It is normal for young children who are acquiring language skills to have difficulty pronouncing words correctly. This is part of the learning process. Different speech sounds are acquired at different ages and language skills develop over time. By the age of 8 most children have mastered all the sounds in words, but some children have speech disorders. This means that past their expected age, they have trouble pronouncing certain sounds and words. This can make it difficult to understand what a child is trying to say.

Speech sound problems include articulation disorders and phonological processing disorders.


Articulation disorders are a problem producing certain sounds, such as “ar” or “sh”.


Phonological process disorder is a pattern of phonetic errors. This includes omitting sounds in words.

What causes speech sound disorders?

Many children with a speech sound disorder have no known cause. Occasionally errors may be caused by:

  • A history of problems with hearing or hearing loss, including ear infections

  • Developmental disability

  • Physical problems like cleft palate

  • Disorders affecting nerves involved in speech

  • Injuries to the brain

What the the symptoms of a speech sound disorder in a child?

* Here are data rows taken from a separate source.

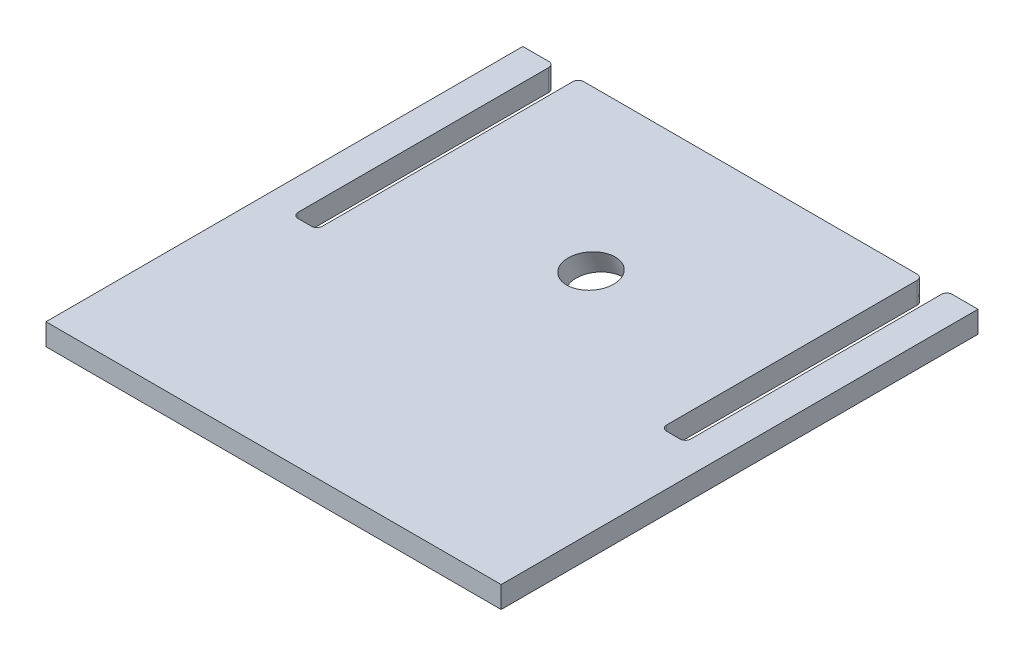
ISO-10303-21;
HEADER;
FILE_DESCRIPTION(('STEP AP214'),'2;1');
FILE_NAME('part.step','',(''),(''),'','','');
FILE_SCHEMA(('AUTOMOTIVE_DESIGN { 1 0 10303 214 1 1 1 1 }'));
ENDSEC;
DATA;
#1=APPLICATION_CONTEXT('core data for automotive mechanical design processes');
#2=APPLICATION_PROTOCOL_DEFINITION('international standard','automotive_design',2000,#1);
#3=PRODUCT_CONTEXT('',#1,'mechanical');
#4=PRODUCT('Part','Part','',(#3));
#5=PRODUCT_RELATED_PRODUCT_CATEGORY('part','',(#4));
#6=PRODUCT_DEFINITION_FORMATION('','',#4);
#7=PRODUCT_DEFINITION_CONTEXT('part definition',#1,'design');
#8=PRODUCT_DEFINITION('design','',#6,#7);
#9=PRODUCT_DEFINITION_SHAPE('','',#8);
#10=(LENGTH_UNIT() NAMED_UNIT(*) SI_UNIT(.MILLI.,.METRE.));
#11=(NAMED_UNIT(*) PLANE_ANGLE_UNIT() SI_UNIT($,.RADIAN.));
#12=(NAMED_UNIT(*) SI_UNIT($,.STERADIAN.) SOLID_ANGLE_UNIT());
#13=UNCERTAINTY_MEASURE_WITH_UNIT(LENGTH_MEASURE(1.E-05),#10,'distance_accuracy_value','');
#14=(GEOMETRIC_REPRESENTATION_CONTEXT(3) GLOBAL_UNCERTAINTY_ASSIGNED_CONTEXT((#13)) GLOBAL_UNIT_ASSIGNED_CONTEXT((#10,
#11,#12)) REPRESENTATION_CONTEXT('',''));
#15=CARTESIAN_POINT('',(0.,0.,0.));
#16=DIRECTION('',(0.,0.,1.));
#17=DIRECTION('',(1.,0.,0.));
#18=AXIS2_PLACEMENT_3D('',#15,#16,#17);
#19=CARTESIAN_POINT('',(-165.1,6.35,-139.7));
#20=DIRECTION('',(0.,0.,1.));
#21=DIRECTION('',(1.,0.,0.));
#22=AXIS2_PLACEMENT_3D('',#19,#20,#21);
#23=PLANE('',#22);
#24=DIRECTION('',(-1.,0.,0.));
#25=VECTOR('',#24,1.);
#26=CARTESIAN_POINT('',(-165.1,6.35,-139.7));
#27=LINE('',#26,#25);
#28=CARTESIAN_POINT('',(-118.237,6.35,-139.7));
#29=VERTEX_POINT('',#28);
#30=CARTESIAN_POINT('',(-133.35,6.35,-139.7));
#31=VERTEX_POINT('',#30);
#32=EDGE_CURVE('E408',#29,#31,#27,.T.);
#33=ORIENTED_EDGE('',*,*,#32,.F.);
#34=DIRECTION('',(0.,1.,0.));
#35=VECTOR('',#34,1.);
#36=CARTESIAN_POINT('',(-118.237,6.35,-139.7));
#37=LINE('',#36,#35);
#38=CARTESIAN_POINT('',(-118.237,-6.35,-139.7));
#39=VERTEX_POINT('',#38);
#40=EDGE_CURVE('E190',#29,#39,#37,.F.);
#41=ORIENTED_EDGE('',*,*,#40,.T.);
#42=DIRECTION('',(-1.,0.,0.));
#43=VECTOR('',#42,1.);
#44=CARTESIAN_POINT('',(-165.1,-6.35,-139.7));
#45=LINE('',#44,#43);
#46=CARTESIAN_POINT('',(-133.35,-6.35,-139.7));
#47=VERTEX_POINT('',#46);
#48=EDGE_CURVE('E185',#39,#47,#45,.T.);
#49=ORIENTED_EDGE('',*,*,#48,.T.);
#50=DIRECTION('',(0.,1.,0.));
#51=VECTOR('',#50,1.);
#52=CARTESIAN_POINT('',(-133.35,-6.35,-139.7));
#53=LINE('',#52,#51);
#54=EDGE_CURVE('E188',#47,#31,#53,.T.);
#55=ORIENTED_EDGE('',*,*,#54,.T.);
#56=EDGE_LOOP('',(#33,#41,#49,#55));
#57=FACE_BOUND('',#56,.T.);
#58=ADVANCED_FACE('F45',(#57),#23,.F.);
#59=CARTESIAN_POINT('',(133.35,-6.35,-139.7));
#60=VERTEX_POINT('',#59);
#61=CARTESIAN_POINT('',(118.237,-6.35,-139.7));
#62=VERTEX_POINT('',#61);
#63=EDGE_CURVE('E195',#60,#62,#45,.T.);
#64=ORIENTED_EDGE('',*,*,#63,.T.);
#65=DIRECTION('',(0.,1.,0.));
#66=VECTOR('',#65,1.);
#67=CARTESIAN_POINT('',(118.237,6.35,-139.7));
#68=LINE('',#67,#66);
#69=CARTESIAN_POINT('',(118.237,6.35,-139.7));
#70=VERTEX_POINT('',#69);
#71=EDGE_CURVE('E326',#62,#70,#68,.T.);
#72=ORIENTED_EDGE('',*,*,#71,.T.);
#73=CARTESIAN_POINT('',(133.35,6.35,-139.7));
#74=VERTEX_POINT('',#73);
#75=EDGE_CURVE('E407',#74,#70,#27,.T.);
#76=ORIENTED_EDGE('',*,*,#75,.F.);
#77=DIRECTION('',(0.,1.,0.));
#78=VECTOR('',#77,1.);
#79=CARTESIAN_POINT('',(133.35,-6.35,-139.7));
#80=LINE('',#79,#78);
#81=EDGE_CURVE('E416',#60,#74,#80,.T.);
#82=ORIENTED_EDGE('',*,*,#81,.F.);
#83=EDGE_LOOP('',(#64,#72,#76,#82));
#84=FACE_BOUND('',#83,.T.);
#85=ADVANCED_FACE('F433',(#84),#23,.F.);
#86=CARTESIAN_POINT('',(97.663,-6.35,-139.7));
#87=VERTEX_POINT('',#86);
#88=CARTESIAN_POINT('',(-97.663,-6.35,-139.7));
#89=VERTEX_POINT('',#88);
#90=EDGE_CURVE('E196',#87,#89,#45,.T.);
#91=ORIENTED_EDGE('',*,*,#90,.T.);
#92=DIRECTION('',(0.,1.,0.));
#93=VECTOR('',#92,1.);
#94=CARTESIAN_POINT('',(-97.663,6.35,-139.7));
#95=LINE('',#94,#93);
#96=CARTESIAN_POINT('',(-97.663,6.35,-139.7));
#97=VERTEX_POINT('',#96);
#98=EDGE_CURVE('E308',#89,#97,#95,.T.);
#99=ORIENTED_EDGE('',*,*,#98,.T.);
#100=CARTESIAN_POINT('',(97.663,6.35,-139.7));
#101=VERTEX_POINT('',#100);
#102=EDGE_CURVE('E221',#101,#97,#27,.T.);
#103=ORIENTED_EDGE('',*,*,#102,.F.);
#104=DIRECTION('',(0.,1.,0.));
#105=VECTOR('',#104,1.);
#106=CARTESIAN_POINT('',(97.663,6.35,-139.7));
#107=LINE('',#106,#105);
#108=EDGE_CURVE('E305',#101,#87,#107,.F.);
#109=ORIENTED_EDGE('',*,*,#108,.T.);
#110=EDGE_LOOP('',(#91,#99,#103,#109));
#111=FACE_BOUND('',#110,.T.);
#112=ADVANCED_FACE('F393',(#111),#23,.F.);
#113=CARTESIAN_POINT('',(-165.1,6.35,139.7));
#114=DIRECTION('',(0.,0.,-1.));
#115=DIRECTION('',(-1.,0.,0.));
#116=AXIS2_PLACEMENT_3D('',#113,#114,#115);
#117=PLANE('',#116);
#118=DIRECTION('',(1.,0.,0.));
#119=VECTOR('',#118,1.);
#120=CARTESIAN_POINT('',(-165.1,6.35,139.7));
#121=LINE('',#120,#119);
#122=CARTESIAN_POINT('',(-133.35,6.35,139.7));
#123=VERTEX_POINT('',#122);
#124=CARTESIAN_POINT('',(133.35,6.35,139.7));
#125=VERTEX_POINT('',#124);
#126=EDGE_CURVE('E403',#123,#125,#121,.T.);
#127=ORIENTED_EDGE('',*,*,#126,.F.);
#128=DIRECTION('',(0.,1.,0.));
#129=VECTOR('',#128,1.);
#130=CARTESIAN_POINT('',(-133.35,-6.35,139.7));
#131=LINE('',#130,#129);
#132=CARTESIAN_POINT('',(-133.35,-6.35,139.7));
#133=VERTEX_POINT('',#132);
#134=EDGE_CURVE('E273',#133,#123,#131,.T.);
#135=ORIENTED_EDGE('',*,*,#134,.F.);
#136=DIRECTION('',(1.,0.,0.));
#137=VECTOR('',#136,1.);
#138=CARTESIAN_POINT('',(-165.1,-6.35,139.7));
#139=LINE('',#138,#137);
#140=CARTESIAN_POINT('',(133.35,-6.35,139.7));
#141=VERTEX_POINT('',#140);
#142=EDGE_CURVE('E210',#133,#141,#139,.T.);
#143=ORIENTED_EDGE('',*,*,#142,.T.);
#144=DIRECTION('',(0.,1.,0.));
#145=VECTOR('',#144,1.);
#146=CARTESIAN_POINT('',(133.35,-6.35,139.7));
#147=LINE('',#146,#145);
#148=EDGE_CURVE('E400',#141,#125,#147,.T.);
#149=ORIENTED_EDGE('',*,*,#148,.T.);
#150=EDGE_LOOP('',(#127,#135,#143,#149));
#151=FACE_BOUND('',#150,.T.);
#152=ADVANCED_FACE('F427',(#151),#117,.F.);
#153=CARTESIAN_POINT('',(0.,6.35,0.));
#154=DIRECTION('',(0.,-1.,0.));
#155=DIRECTION('',(0.,0.,-1.));
#156=AXIS2_PLACEMENT_3D('',#153,#154,#155);
#157=PLANE('',#156);
#158=CARTESIAN_POINT('',(0.577885440567185,6.35,-45.6972730911315));
#159=DIRECTION('',(0.,-1.,0.));
#160=DIRECTION('',(-0.0211224465515139,0.,-0.999776896238195));
#161=AXIS2_PLACEMENT_3D('',#158,#159,#160);
#162=ELLIPSE('',#161,14.2470282966305,13.335);
#163=CARTESIAN_POINT('',(0.2769533468537,6.35,-59.9411228221545));
#164=VERTEX_POINT('',#163);
#165=EDGE_CURVE('E268',#164,#164,#162,.F.);
#166=ORIENTED_EDGE('',*,*,#165,.F.);
#167=EDGE_LOOP('',(#166));
#168=FACE_BOUND('',#167,.T.);
#169=DIRECTION('',(0.,0.,1.));
#170=VECTOR('',#169,1.);
#171=CARTESIAN_POINT('',(-115.062,6.35,-139.7));
#172=LINE('',#171,#170);
#173=CARTESIAN_POINT('',(-115.062,6.35,-136.525));
#174=VERTEX_POINT('',#173);
#175=CARTESIAN_POINT('',(-115.062,6.35,10.287));
#176=VERTEX_POINT('',#175);
#177=EDGE_CURVE('E231',#174,#176,#172,.T.);
#178=ORIENTED_EDGE('',*,*,#177,.F.);
#179=CARTESIAN_POINT('',(-118.237,6.35,-136.525));
#180=DIRECTION('',(0.,-1.,0.));
#181=DIRECTION('',(0.,0.,-1.));
#182=AXIS2_PLACEMENT_3D('',#179,#180,#181);
#183=CIRCLE('',#182,3.175);
#184=EDGE_CURVE('E289',#174,#29,#183,.F.);
#185=ORIENTED_EDGE('',*,*,#184,.T.);
#186=ORIENTED_EDGE('',*,*,#32,.T.);
#187=DIRECTION('',(0.,0.,-1.));
#188=VECTOR('',#187,1.);
#189=CARTESIAN_POINT('',(-133.35,6.35,-139.7));
#190=LINE('',#189,#188);
#191=EDGE_CURVE('E203',#123,#31,#190,.T.);
#192=ORIENTED_EDGE('',*,*,#191,.F.);
#193=ORIENTED_EDGE('',*,*,#126,.T.);
#194=DIRECTION('',(0.,0.,1.));
#195=VECTOR('',#194,1.);
#196=CARTESIAN_POINT('',(133.35,6.35,-139.7));
#197=LINE('',#196,#195);
#198=EDGE_CURVE('E229',#74,#125,#197,.T.);
#199=ORIENTED_EDGE('',*,*,#198,.F.);
#200=ORIENTED_EDGE('',*,*,#75,.T.);
#201=CARTESIAN_POINT('',(118.237,6.35,-136.525));
#202=DIRECTION('',(0.,-1.,0.));
#203=DIRECTION('',(0.,0.,-1.));
#204=AXIS2_PLACEMENT_3D('',#201,#202,#203);
#205=CIRCLE('',#204,3.175);
#206=CARTESIAN_POINT('',(115.062,6.35,-136.525));
#207=VERTEX_POINT('',#206);
#208=EDGE_CURVE('E280',#70,#207,#205,.F.);
#209=ORIENTED_EDGE('',*,*,#208,.T.);
#210=DIRECTION('',(0.,0.,-1.));
#211=VECTOR('',#210,1.);
#212=CARTESIAN_POINT('',(115.062,6.35,-139.7));
#213=LINE('',#212,#211);
#214=CARTESIAN_POINT('',(115.062,6.35,10.287));
#215=VERTEX_POINT('',#214);
#216=EDGE_CURVE('E251',#215,#207,#213,.T.);
#217=ORIENTED_EDGE('',*,*,#216,.F.);
#218=CARTESIAN_POINT('',(111.887,6.35,10.287));
#219=DIRECTION('',(0.,-1.,0.));
#220=DIRECTION('',(0.,0.,-1.));
#221=AXIS2_PLACEMENT_3D('',#218,#219,#220);
#222=CIRCLE('',#221,3.175);
#223=CARTESIAN_POINT('',(111.887,6.35,13.462));
#224=VERTEX_POINT('',#223);
#225=EDGE_CURVE('E362',#215,#224,#222,.T.);
#226=ORIENTED_EDGE('',*,*,#225,.T.);
#227=DIRECTION('',(1.,0.,0.));
#228=VECTOR('',#227,1.);
#229=CARTESIAN_POINT('',(114.3,6.35,13.462));
#230=LINE('',#229,#228);
#231=CARTESIAN_POINT('',(104.013,6.35,13.462));
#232=VERTEX_POINT('',#231);
#233=EDGE_CURVE('E247',#232,#224,#230,.T.);
#234=ORIENTED_EDGE('',*,*,#233,.F.);
#235=CARTESIAN_POINT('',(104.013,6.35,10.287));
#236=DIRECTION('',(0.,-1.,0.));
#237=DIRECTION('',(0.,0.,-1.));
#238=AXIS2_PLACEMENT_3D('',#235,#236,#237);
#239=CIRCLE('',#238,3.175);
#240=CARTESIAN_POINT('',(100.838,6.35,10.287));
#241=VERTEX_POINT('',#240);
#242=EDGE_CURVE('E350',#232,#241,#239,.T.);
#243=ORIENTED_EDGE('',*,*,#242,.T.);
#244=DIRECTION('',(0.,0.,1.));
#245=VECTOR('',#244,1.);
#246=CARTESIAN_POINT('',(100.838,6.35,-139.7));
#247=LINE('',#246,#245);
#248=CARTESIAN_POINT('',(100.838,6.35,-136.525));
#249=VERTEX_POINT('',#248);
#250=EDGE_CURVE('E234',#249,#241,#247,.T.);
#251=ORIENTED_EDGE('',*,*,#250,.F.);
#252=CARTESIAN_POINT('',(97.663,6.35,-136.525));
#253=DIRECTION('',(0.,-1.,0.));
#254=DIRECTION('',(0.,0.,-1.));
#255=AXIS2_PLACEMENT_3D('',#252,#253,#254);
#256=CIRCLE('',#255,3.175);
#257=EDGE_CURVE('E283',#249,#101,#256,.F.);
#258=ORIENTED_EDGE('',*,*,#257,.T.);
#259=ORIENTED_EDGE('',*,*,#102,.T.);
#260=CARTESIAN_POINT('',(-97.663,6.35,-136.525));
#261=DIRECTION('',(0.,-1.,0.));
#262=DIRECTION('',(0.,0.,-1.));
#263=AXIS2_PLACEMENT_3D('',#260,#261,#262);
#264=CIRCLE('',#263,3.175);
#265=CARTESIAN_POINT('',(-100.838,6.35,-136.525));
#266=VERTEX_POINT('',#265);
#267=EDGE_CURVE('E286',#97,#266,#264,.F.);
#268=ORIENTED_EDGE('',*,*,#267,.T.);
#269=DIRECTION('',(0.,0.,-1.));
#270=VECTOR('',#269,1.);
#271=CARTESIAN_POINT('',(-100.838,6.35,-139.7));
#272=LINE('',#271,#270);
#273=CARTESIAN_POINT('',(-100.838,6.35,10.287));
#274=VERTEX_POINT('',#273);
#275=EDGE_CURVE('E230',#274,#266,#272,.T.);
#276=ORIENTED_EDGE('',*,*,#275,.F.);
#277=CARTESIAN_POINT('',(-104.013,6.35,10.287));
#278=DIRECTION('',(0.,-1.,0.));
#279=DIRECTION('',(0.,0.,-1.));
#280=AXIS2_PLACEMENT_3D('',#277,#278,#279);
#281=CIRCLE('',#280,3.175);
#282=CARTESIAN_POINT('',(-104.013,6.35,13.462));
#283=VERTEX_POINT('',#282);
#284=EDGE_CURVE('E54',#274,#283,#281,.T.);
#285=ORIENTED_EDGE('',*,*,#284,.T.);
#286=DIRECTION('',(1.,0.,0.));
#287=VECTOR('',#286,1.);
#288=CARTESIAN_POINT('',(-114.3,6.35,13.462));
#289=LINE('',#288,#287);
#290=CARTESIAN_POINT('',(-111.887,6.35,13.462));
#291=VERTEX_POINT('',#290);
#292=EDGE_CURVE('E225',#291,#283,#289,.T.);
#293=ORIENTED_EDGE('',*,*,#292,.F.);
#294=CARTESIAN_POINT('',(-111.887,6.35,10.287));
#295=DIRECTION('',(0.,-1.,0.));
#296=DIRECTION('',(0.,0.,-1.));
#297=AXIS2_PLACEMENT_3D('',#294,#295,#296);
#298=CIRCLE('',#297,3.175);
#299=EDGE_CURVE('E356',#291,#176,#298,.T.);
#300=ORIENTED_EDGE('',*,*,#299,.T.);
#301=EDGE_LOOP('',(#178,#185,#186,#192,#193,#199,#200,#209,#217,#226,#234,#243,#251,#258,#259,
#268,#276,#285,#293,#300));
#302=FACE_BOUND('',#301,.T.);
#303=ADVANCED_FACE('F372',(#168,#302),#157,.F.);
#304=CARTESIAN_POINT('',(0.,-6.35,0.));
#305=DIRECTION('',(0.,-1.,0.));
#306=DIRECTION('',(0.,0.,-1.));
#307=AXIS2_PLACEMENT_3D('',#304,#305,#306);
#308=PLANE('',#307);
#309=CARTESIAN_POINT('',(0.476989852232747,-6.35,-50.4729072916073));
#310=DIRECTION('',(0.,-1.,0.));
#311=DIRECTION('',(-0.0211224465515139,0.,-0.999776896238195));
#312=AXIS2_PLACEMENT_3D('',#309,#310,#311);
#313=ELLIPSE('',#312,14.2470282966305,13.335);
#314=CARTESIAN_POINT('',(0.176057758519262,-6.35,-64.7167570226303));
#315=VERTEX_POINT('',#314);
#316=EDGE_CURVE('E213',#315,#315,#313,.F.);
#317=ORIENTED_EDGE('',*,*,#316,.T.);
#318=EDGE_LOOP('',(#317));
#319=FACE_BOUND('',#318,.T.);
#320=ORIENTED_EDGE('',*,*,#48,.F.);
#321=CARTESIAN_POINT('',(-118.237,-6.35,-136.525));
#322=DIRECTION('',(0.,-1.,0.));
#323=DIRECTION('',(0.,0.,-1.));
#324=AXIS2_PLACEMENT_3D('',#321,#322,#323);
#325=CIRCLE('',#324,3.175);
#326=CARTESIAN_POINT('',(-115.062,-6.35,-136.525));
#327=VERTEX_POINT('',#326);
#328=EDGE_CURVE('E302',#39,#327,#325,.T.);
#329=ORIENTED_EDGE('',*,*,#328,.T.);
#330=DIRECTION('',(0.,0.,1.));
#331=VECTOR('',#330,1.);
#332=CARTESIAN_POINT('',(-115.062,-6.35,-139.7));
#333=LINE('',#332,#331);
#334=CARTESIAN_POINT('',(-115.062,-6.35,10.287));
#335=VERTEX_POINT('',#334);
#336=EDGE_CURVE('E212',#327,#335,#333,.T.);
#337=ORIENTED_EDGE('',*,*,#336,.T.);
#338=CARTESIAN_POINT('',(-111.887,-6.35,10.287));
#339=DIRECTION('',(0.,-1.,0.));
#340=DIRECTION('',(0.,0.,-1.));
#341=AXIS2_PLACEMENT_3D('',#338,#339,#340);
#342=CIRCLE('',#341,3.175);
#343=CARTESIAN_POINT('',(-111.887,-6.35,13.462));
#344=VERTEX_POINT('',#343);
#345=EDGE_CURVE('E359',#335,#344,#342,.F.);
#346=ORIENTED_EDGE('',*,*,#345,.T.);
#347=DIRECTION('',(1.,0.,0.));
#348=VECTOR('',#347,1.);
#349=CARTESIAN_POINT('',(-114.3,-6.35,13.462));
#350=LINE('',#349,#348);
#351=CARTESIAN_POINT('',(-104.013,-6.35,13.462));
#352=VERTEX_POINT('',#351);
#353=EDGE_CURVE('E218',#344,#352,#350,.T.);
#354=ORIENTED_EDGE('',*,*,#353,.T.);
#355=CARTESIAN_POINT('',(-104.013,-6.35,10.287));
#356=DIRECTION('',(0.,-1.,0.));
#357=DIRECTION('',(0.,0.,-1.));
#358=AXIS2_PLACEMENT_3D('',#355,#356,#357);
#359=CIRCLE('',#358,3.175);
#360=CARTESIAN_POINT('',(-100.838,-6.35,10.287));
#361=VERTEX_POINT('',#360);
#362=EDGE_CURVE('E12',#352,#361,#359,.F.);
#363=ORIENTED_EDGE('',*,*,#362,.T.);
#364=DIRECTION('',(0.,0.,-1.));
#365=VECTOR('',#364,1.);
#366=CARTESIAN_POINT('',(-100.838,-6.35,-139.7));
#367=LINE('',#366,#365);
#368=CARTESIAN_POINT('',(-100.838,-6.35,-136.525));
#369=VERTEX_POINT('',#368);
#370=EDGE_CURVE('E239',#361,#369,#367,.T.);
#371=ORIENTED_EDGE('',*,*,#370,.T.);
#372=CARTESIAN_POINT('',(-97.663,-6.35,-136.525));
#373=DIRECTION('',(0.,-1.,0.));
#374=DIRECTION('',(0.,0.,-1.));
#375=AXIS2_PLACEMENT_3D('',#372,#373,#374);
#376=CIRCLE('',#375,3.175);
#377=EDGE_CURVE('E299',#369,#89,#376,.T.);
#378=ORIENTED_EDGE('',*,*,#377,.T.);
#379=ORIENTED_EDGE('',*,*,#90,.F.);
#380=CARTESIAN_POINT('',(97.663,-6.35,-136.525));
#381=DIRECTION('',(0.,-1.,0.));
#382=DIRECTION('',(0.,0.,-1.));
#383=AXIS2_PLACEMENT_3D('',#380,#381,#382);
#384=CIRCLE('',#383,3.175);
#385=CARTESIAN_POINT('',(100.838,-6.35,-136.525));
#386=VERTEX_POINT('',#385);
#387=EDGE_CURVE('E296',#87,#386,#384,.T.);
#388=ORIENTED_EDGE('',*,*,#387,.T.);
#389=DIRECTION('',(0.,0.,1.));
#390=VECTOR('',#389,1.);
#391=CARTESIAN_POINT('',(100.838,-6.35,-139.7));
#392=LINE('',#391,#390);
#393=CARTESIAN_POINT('',(100.838,-6.35,10.287));
#394=VERTEX_POINT('',#393);
#395=EDGE_CURVE('E243',#386,#394,#392,.T.);
#396=ORIENTED_EDGE('',*,*,#395,.T.);
#397=CARTESIAN_POINT('',(104.013,-6.35,10.287));
#398=DIRECTION('',(0.,-1.,0.));
#399=DIRECTION('',(0.,0.,-1.));
#400=AXIS2_PLACEMENT_3D('',#397,#398,#399);
#401=CIRCLE('',#400,3.175);
#402=CARTESIAN_POINT('',(104.013,-6.35,13.462));
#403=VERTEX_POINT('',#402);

Children may have trouble producing certain sounds correctly, which may be a delay based on their age. Some errors include:

  • -Sound omissions: saying “foh” instead of “phone”

  • Sound distortions” saying “pone” instead of “phone”

  • Swapping sounds: saying “weed” for “read”


If your child frequently makes certain speech errors, he or she may have a phonological processing disorder. Mistakes can be common in young children learning language skills. But when they pass a certain age, it can be a disorder. The signs of this problem are:

  • Saying only 1 syllable in a word (example: “bay” instead of “baby”)

  • Simplifying a word by repeating 2 syllables (example: “baba” instead of “bottle”)

  • Leaving out a consonant sound (example: “at” or “ba” instead of “bat”)

  • Changing certain consonant sounds (example: “tat” instead of “cat”)


How are speech disorders diagnosed?

After your physician has ruled out a hearing loss, you will want to meet with a speech-language pathologist. This is an expert who can evaluate and treat children with speech disorders and delays.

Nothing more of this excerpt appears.